(Collection entries)
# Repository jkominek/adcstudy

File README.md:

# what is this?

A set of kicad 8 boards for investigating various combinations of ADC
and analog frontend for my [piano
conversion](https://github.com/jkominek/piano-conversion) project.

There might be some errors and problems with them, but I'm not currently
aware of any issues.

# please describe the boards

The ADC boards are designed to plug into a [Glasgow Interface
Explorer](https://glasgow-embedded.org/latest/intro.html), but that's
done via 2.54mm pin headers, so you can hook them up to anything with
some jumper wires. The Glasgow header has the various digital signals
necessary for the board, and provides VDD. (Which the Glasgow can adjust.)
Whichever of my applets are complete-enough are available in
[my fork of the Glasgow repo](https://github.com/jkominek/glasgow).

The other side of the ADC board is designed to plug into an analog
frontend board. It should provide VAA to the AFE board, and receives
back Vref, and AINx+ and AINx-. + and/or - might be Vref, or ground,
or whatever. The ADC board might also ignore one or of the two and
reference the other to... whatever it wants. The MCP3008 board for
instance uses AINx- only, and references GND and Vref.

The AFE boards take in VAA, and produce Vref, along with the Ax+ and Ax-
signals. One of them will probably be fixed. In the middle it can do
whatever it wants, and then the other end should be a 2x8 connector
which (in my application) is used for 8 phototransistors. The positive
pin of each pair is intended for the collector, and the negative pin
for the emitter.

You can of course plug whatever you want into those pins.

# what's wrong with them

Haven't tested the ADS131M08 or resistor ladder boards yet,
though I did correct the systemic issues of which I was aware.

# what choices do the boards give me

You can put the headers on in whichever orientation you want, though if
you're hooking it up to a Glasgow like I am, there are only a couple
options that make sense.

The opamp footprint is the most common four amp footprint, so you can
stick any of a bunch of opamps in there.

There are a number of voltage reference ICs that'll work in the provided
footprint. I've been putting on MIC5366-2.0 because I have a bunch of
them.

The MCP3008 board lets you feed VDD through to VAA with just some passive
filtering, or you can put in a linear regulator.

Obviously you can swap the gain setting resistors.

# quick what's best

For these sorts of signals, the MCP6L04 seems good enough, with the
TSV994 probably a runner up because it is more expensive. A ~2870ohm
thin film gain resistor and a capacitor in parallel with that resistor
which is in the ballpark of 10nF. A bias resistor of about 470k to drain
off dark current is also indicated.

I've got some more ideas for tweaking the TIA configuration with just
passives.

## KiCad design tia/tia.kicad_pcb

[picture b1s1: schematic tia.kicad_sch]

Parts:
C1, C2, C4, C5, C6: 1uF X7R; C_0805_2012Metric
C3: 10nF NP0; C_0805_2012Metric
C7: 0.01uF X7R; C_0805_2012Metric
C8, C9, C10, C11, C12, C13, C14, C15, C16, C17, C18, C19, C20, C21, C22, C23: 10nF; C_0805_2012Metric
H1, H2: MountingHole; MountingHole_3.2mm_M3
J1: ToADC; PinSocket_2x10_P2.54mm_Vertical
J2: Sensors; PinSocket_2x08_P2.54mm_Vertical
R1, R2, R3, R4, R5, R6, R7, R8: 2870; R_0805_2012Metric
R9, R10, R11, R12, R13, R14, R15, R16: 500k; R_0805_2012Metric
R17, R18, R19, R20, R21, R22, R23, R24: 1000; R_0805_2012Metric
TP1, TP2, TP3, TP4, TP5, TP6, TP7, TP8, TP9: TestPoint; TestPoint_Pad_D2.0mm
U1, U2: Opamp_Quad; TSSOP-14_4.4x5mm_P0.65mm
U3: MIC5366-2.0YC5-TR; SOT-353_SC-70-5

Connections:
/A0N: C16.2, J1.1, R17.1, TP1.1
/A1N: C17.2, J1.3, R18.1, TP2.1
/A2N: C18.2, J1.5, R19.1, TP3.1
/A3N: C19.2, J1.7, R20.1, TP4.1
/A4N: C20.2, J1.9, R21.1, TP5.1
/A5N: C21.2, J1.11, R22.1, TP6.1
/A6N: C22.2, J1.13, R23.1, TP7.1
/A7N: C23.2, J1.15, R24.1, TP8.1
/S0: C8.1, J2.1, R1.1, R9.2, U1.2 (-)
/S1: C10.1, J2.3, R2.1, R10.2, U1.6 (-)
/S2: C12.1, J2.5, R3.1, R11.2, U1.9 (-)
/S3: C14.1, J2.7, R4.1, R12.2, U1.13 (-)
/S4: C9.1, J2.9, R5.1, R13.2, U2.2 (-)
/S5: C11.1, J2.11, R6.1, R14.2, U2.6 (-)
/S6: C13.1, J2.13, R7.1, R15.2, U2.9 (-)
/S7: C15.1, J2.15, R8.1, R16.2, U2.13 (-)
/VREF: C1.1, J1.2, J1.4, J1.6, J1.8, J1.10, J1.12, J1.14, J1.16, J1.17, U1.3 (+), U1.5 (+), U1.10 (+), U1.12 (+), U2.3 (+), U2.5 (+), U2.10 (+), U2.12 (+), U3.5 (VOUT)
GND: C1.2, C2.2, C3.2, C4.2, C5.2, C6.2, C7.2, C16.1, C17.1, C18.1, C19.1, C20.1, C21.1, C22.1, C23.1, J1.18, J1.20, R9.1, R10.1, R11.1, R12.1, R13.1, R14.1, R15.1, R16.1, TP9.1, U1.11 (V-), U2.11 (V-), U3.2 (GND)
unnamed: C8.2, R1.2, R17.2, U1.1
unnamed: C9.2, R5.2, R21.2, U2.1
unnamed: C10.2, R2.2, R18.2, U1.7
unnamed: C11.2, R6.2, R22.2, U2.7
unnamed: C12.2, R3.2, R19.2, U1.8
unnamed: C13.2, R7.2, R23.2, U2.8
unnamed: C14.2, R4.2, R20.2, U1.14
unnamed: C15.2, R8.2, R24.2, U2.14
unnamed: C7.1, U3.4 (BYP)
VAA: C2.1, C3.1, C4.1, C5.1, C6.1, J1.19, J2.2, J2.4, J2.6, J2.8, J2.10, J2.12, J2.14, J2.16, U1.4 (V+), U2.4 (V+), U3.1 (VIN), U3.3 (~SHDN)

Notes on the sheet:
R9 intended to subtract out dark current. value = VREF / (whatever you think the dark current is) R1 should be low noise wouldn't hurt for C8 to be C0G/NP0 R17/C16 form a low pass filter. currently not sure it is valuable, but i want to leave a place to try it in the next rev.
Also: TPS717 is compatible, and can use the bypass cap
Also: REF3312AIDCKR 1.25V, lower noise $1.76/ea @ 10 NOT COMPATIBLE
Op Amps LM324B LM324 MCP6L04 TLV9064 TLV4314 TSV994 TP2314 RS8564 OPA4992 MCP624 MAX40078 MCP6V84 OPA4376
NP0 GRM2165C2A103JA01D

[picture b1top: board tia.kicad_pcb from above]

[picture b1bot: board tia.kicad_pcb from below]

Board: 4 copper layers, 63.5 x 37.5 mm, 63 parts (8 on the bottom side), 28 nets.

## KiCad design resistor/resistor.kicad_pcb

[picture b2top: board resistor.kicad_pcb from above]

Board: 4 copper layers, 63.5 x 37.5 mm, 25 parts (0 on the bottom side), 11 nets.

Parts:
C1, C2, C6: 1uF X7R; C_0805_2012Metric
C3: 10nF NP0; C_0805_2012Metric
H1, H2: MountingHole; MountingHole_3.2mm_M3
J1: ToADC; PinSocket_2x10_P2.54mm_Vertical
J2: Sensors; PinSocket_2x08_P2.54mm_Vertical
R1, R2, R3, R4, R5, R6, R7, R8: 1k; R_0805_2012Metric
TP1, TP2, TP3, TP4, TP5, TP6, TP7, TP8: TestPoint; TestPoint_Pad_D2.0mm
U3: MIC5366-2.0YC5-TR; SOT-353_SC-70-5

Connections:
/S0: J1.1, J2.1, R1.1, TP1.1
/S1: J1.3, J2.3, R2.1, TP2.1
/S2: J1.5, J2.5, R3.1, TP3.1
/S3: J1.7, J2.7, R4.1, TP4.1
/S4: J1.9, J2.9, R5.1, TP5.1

* Task goal *
Return, unchanged, the run of lines above that opens with the line containing "pin of each" and closes with the line containing "R17, R18, R19, R20, R21, R22, R23, R24: 1000;". Include both.

* Solved exercise *
pin of each pair is intended for the collector, and the negative pin
for the emitter.

You can of course plug whatever you want into those pins.

# what's wrong with them

Haven't tested the ADS131M08 or resistor ladder boards yet,
though I did correct the systemic issues of which I was aware.

# what choices do the boards give me

You can put the headers on in whichever orientation you want, though if
you're hooking it up to a Glasgow like I am, there are only a couple
options that make sense.

The opamp footprint is the most common four amp footprint, so you can
stick any of a bunch of opamps in there.

There are a number of voltage reference ICs that'll work in the provided
footprint. I've been putting on MIC5366-2.0 because I have a bunch of
them.

The MCP3008 board lets you feed VDD through to VAA with just some passive
filtering, or you can put in a linear regulator.

Obviously you can swap the gain setting resistors.

# quick what's best

For these sorts of signals, the MCP6L04 seems good enough, with the
TSV994 probably a runner up because it is more expensive. A ~2870ohm
thin film gain resistor and a capacitor in parallel with that resistor
which is in the ballpark of 10nF. A bias resistor of about 470k to drain
off dark current is also indicated.

I've got some more ideas for tweaking the TIA configuration with just
passives.

## KiCad design tia/tia.kicad_pcb

[picture b1s1: schematic tia.kicad_sch]

Parts:
C1, C2, C4, C5, C6: 1uF X7R; C_0805_2012Metric
C3: 10nF NP0; C_0805_2012Metric
C7: 0.01uF X7R; C_0805_2012Metric
C8, C9, C10, C11, C12, C13, C14, C15, C16, C17, C18, C19, C20, C21, C22, C23: 10nF; C_0805_2012Metric
H1, H2: MountingHole; MountingHole_3.2mm_M3
J1: ToADC; PinSocket_2x10_P2.54mm_Vertical
J2: Sensors; PinSocket_2x08_P2.54mm_Vertical
R1, R2, R3, R4, R5, R6, R7, R8: 2870; R_0805_2012Metric
R9, R10, R11, R12, R13, R14, R15, R16: 500k; R_0805_2012Metric
R17, R18, R19, R20, R21, R22, R23, R24: 1000; R_0805_2012Metric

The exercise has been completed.